FINALPLOT1<-p6 + theme_minimal()
FINALPLOT1
## `geom_smooth()` using method = 'loess' and formula = 'y ~ x'
PE$year
is a vector of all the years represented in the
data for all states. PE$year==1932
creates a vector of
TRUE
and FALSE
where TRUE
indicates observations from the year 1932.
PE[PE$year==1932,]
modifies the dataset to only include the
data for the year 1932.
Create density plot with geom_density
and fill of the
density curves is controlled by south
.
p1<-ggplot(data=PE[PE$year==1932,]) +
geom_density(aes(x=demVote,fill = south))
p1
Modify graph to complete it. Also, add a vertical line at 50 which indicates the transition to a majority vote.
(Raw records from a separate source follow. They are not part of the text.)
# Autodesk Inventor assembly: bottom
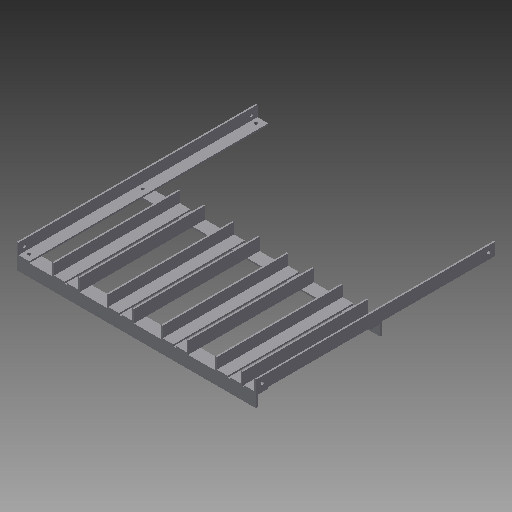
[picture p0: Inventor's stored thumbnail of the model, 512x512]
Saved by Autodesk Inventor 2017 (Build 210142000, 142)
## iProperties
Created: 2018-10-22
Part Number: bottom
Document SubType Name: Assembly
Designer: ddeboer
Author: ddeboer
## Documents named in this file (3)
- C:\Users\ddeboer\Desktop\snap_holder\bottom.iam
- C:\Users\ddeboer\Desktop\snap_holder\ladder.iam
- C:\Users\ddeboer\Desktop\snap_holder\angle_L11.ipt
## Components (3 placed, 3 different names)
1. ladder:1 [sub-assembly] — Insert:1, Flush:1, Insert:2, Flush:2
2. angle_L11:left — Insert:1, Flush:1
3. angle_L11:right — Insert:2, Flush:2
## Relationships (4: Insert 2, Flush 2)
- Insert:1: ladder:1 ↔ angle_L11:left
- Flush:1: ladder:1 ↔ angle_L11:left
- Insert:2: ladder:1 ↔ angle_L11:right
- Flush:2: ladder:1 ↔ angle_L11:right

FINALPLOT2<-p1 + xlab("% Democratic")+ylab("Density")+
ggtitle("Distribution of Democratic Vote from 1932")+
scale_fill_manual(values=c("blue","red"))+
guides(fill=guide_legend(title='South'))+
geom_vline(xintercept=50)+
theme_minimal()
FINALPLOT2
Repeat the code that created FINALPLOT2 for the year 2016. I advise copy and paste.
FINALPLOT3<- ggplot(data=PE[PE$year==2016,]) +
geom_density(aes(x=demVote,fill = south)) +
xlab("% Democratic")+ylab("Density")+
ggtitle("Distribution of Democratic Vote from 2016")+
scale_fill_manual(values=c("blue","red"))+
guides(fill=guide_legend(title='South'))+
geom_vline(xintercept=50)+
theme_minimal()
FINALPLOT3
The grid.arrange()
function from the
gridExtra
package allows us to do this. This needs to be
done after all three plots are created. See if you can figure out what
is going on
#First Examine this Code and See What Happens
#Defaults to 1 Column Layout and Stacks Plots
grid.arrange(FINALPLOT1,FINALPLOT2,FINALPLOT3)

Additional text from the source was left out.